Search the listing for the word "Right" and copy every line where it turns up.

Start of DATA FOR REVIEW

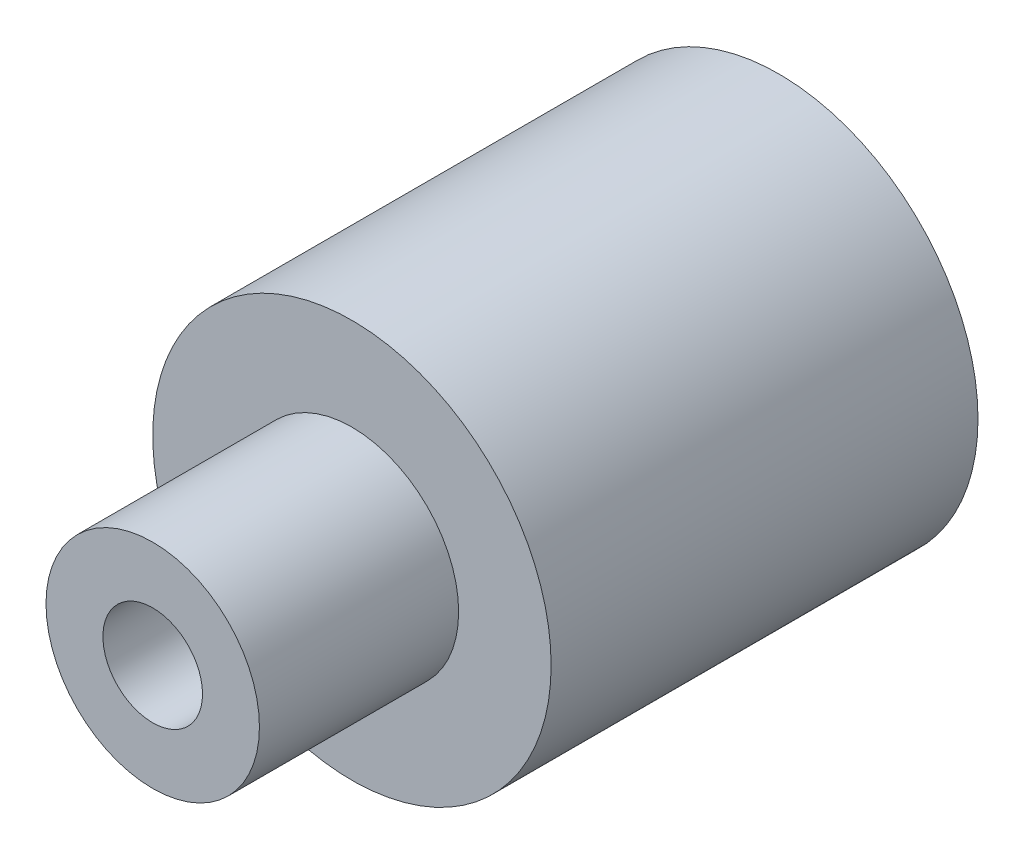
SolidWorks part; units mm, degrees
ref_plane "Front Plane" through (0, 0, 0) normal (1, 0, 0) x (0, 1, 0)
ref_plane "Top Plane" through (0, 0, 0) normal (0, 0, 1) x (0, 1, 0)
ref_plane "Right Plane" through (0, 0, 0) normal (0, 1, 0) x (-1, 0, 0)
sketch "Sketch1" plane through (0, 0, 0) normal (0, 0, 1) x (0, 1, 0)
  circle A0 centre (0, 0) radius 7
  dimension "D1" = 14
extrude "Boss-Extrude1" add sketch "Sketch1" along normal blind 15 contours A0
sketch "Sketch2" plane through (0, 0, 15) normal (0, 0, 1) x (1, 0, 0)
  circle A0 centre (0, 0) radius 3.75
  dimension "D1" = 7.5
extrude "Boss-Extrude2" add sketch "Sketch2" along normal blind 7
sketch "Sketch3" plane through (0, 0, 22) normal (0, 0, 1) x (1, 0, 0)
  circle A0 centre (0, 0) radius 1.75
  dimension "D1" = 3.5
extrude "Cut-Extrude1" cut sketch "Sketch3" against normal up to surface (22 mm away) contours A0 up to face at (7, 0, 0)
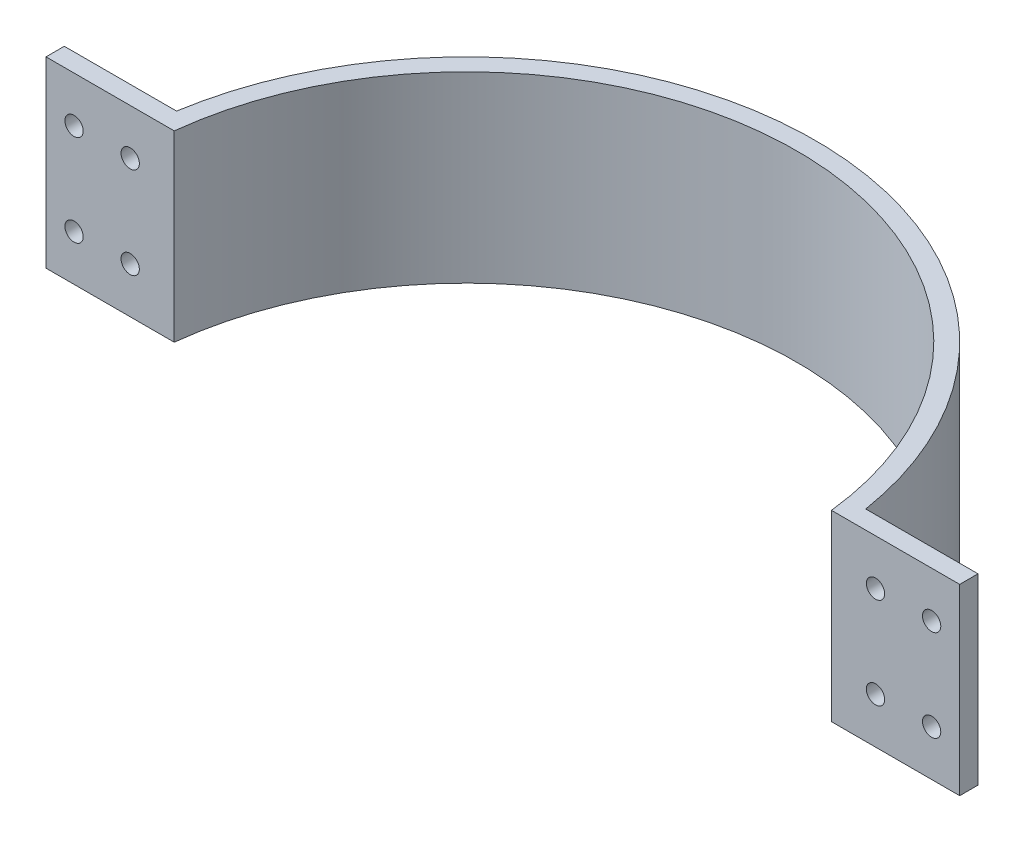
SolidWorks part; units mm, degrees
ref_plane "Front Plane" through (0, 0, 0) normal (0, 0, 1) x (1, 0, 0)
ref_plane "Top Plane" through (0, 0, 0) normal (0, 1, 0) x (1, 0, 0)
ref_plane "Right Plane" through (0, 0, 0) normal (1, 0, 0) x (0, 0, -1)
sketch "Sketch1" plane through (0, 0, 0) normal (0, 1, 0) x (1, 0, 0)
  line L0 (0, 0) -> (-102, 0)
  line L3 (-119.5416, 19.05) -> (-158.4819, 19.05)
  line L5 (-158.4819, 19.05) -> (-158.4819, 12.7)
  line L7 (-113.9947, 12.7) -> (-158.4819, 12.7)
  line L8 (-114.7, 0) -> (-121.05, 0)
  line L10 (-113.9947, -12.7) -> (-158.4819, -12.7)
  line L11 (-158.4819, -19.05) -> (-158.4819, -12.7)
  line L12 (-119.5416, -19.05) -> (-158.4819, -19.05)
  line L13 (0, -19.05) -> (0, 19.05)
  line L14 (119.5416, -19.05) -> (158.4819, -19.05)
  line L15 (158.4819, -19.05) -> (158.4819, -12.7)
  line L16 (113.9947, -12.7) -> (158.4819, -12.7)
  line L17 (113.9947, 12.7) -> (158.4819, 12.7)
  line L18 (158.4819, 19.05) -> (158.4819, 12.7)
  line L19 (119.5416, 19.05) -> (158.4819, 19.05)
  circle A0 centre (0, 0) radius 102
  circle A1 centre (0, 0) radius 114.7
  arc A2 (-120.3819, 12.7) -> (-120.3819, -12.7) centre (0, 0) ccw
  circle A3 centre (0, 0) radius 121.05 construction
  arc A4 (-119.5416, -19.05) -> (119.5416, -19.05) centre (0, 0) ccw
  arc A5 (120.3819, -12.7) -> (120.3819, 12.7) centre (0, 0) ccw
  arc A6 (119.5416, 19.05) -> (-119.5416, 19.05) centre (0, 0) ccw
  point P29 (0, 0)
  dimension "D1" = 204
  dimension "D2" = 12.7
  dimension "D6" = 38.1
  dimension "D3" = 6.35
extrude "Boss-Extrude1" add sketch "Sketch1" along normal mid plane 63.5 contours L19 A6 L3 L5 L7 A1 L17 L18
sketch "Sketch2" plane through (0, 0, -12.7) normal (0, 0, 1) x (1, 0, 0)
  line L0 (-119.5416, 0) -> (-158.4819, 0) construction
  line L1 (-113.9947, 31.75) -> (-113.9947, -31.75) construction
  line L3 (-139.0118, 0) -> (-139.0118, 31.75) construction
  line L5 (-113.9947, 31.75) -> (-158.4819, 31.75) construction
  line L6 (-113.9947, 0) -> (113.9947, 0) construction
  line L7 (113.9947, 31.75) -> (113.9947, -31.75) construction
  line L8 (0, 0) -> (0, 31.75) construction
  line L9 (113.9947, 31.75) -> (-113.9947, 31.75) construction
  line L10 (-119.5416, 31.75) -> (-119.5416, -31.75) construction
  line L11 (-113.9947, -31.75) -> (-158.4819, -31.75) construction
  line L12 (-158.4819, 31.75) -> (-158.4819, -31.75) construction
  line L13 (-139.0118, 15.875) -> (-119.5416, 15.875) construction
  circle A8 centre (-129.2767, 15.875) radius 3.175
  circle A9 centre (-148.7469, 15.875) radius 3.175
  circle A10 centre (-148.7469, -15.875) radius 3.175
  circle A11 centre (-129.2767, -15.875) radius 3.175
  circle A12 centre (129.2767, 15.875) radius 3.175
  circle A13 centre (148.7469, 15.875) radius 3.175
  circle A14 centre (129.2767, -15.875) radius 3.175
  circle A15 centre (148.7469, -15.875) radius 3.175
extrude "Cut-Extrude1" cut sketch "Sketch2" against normal through all

End of DATA FOR REVIEW

▶ [RESPONSE BELOW]
ref_plane "Right Plane" through (0, 0, 0) normal (0, 1, 0) x (-1, 0, 0)
ref_plane "Right Plane" through (0, 0, 0) normal (1, 0, 0) x (0, 0, -1)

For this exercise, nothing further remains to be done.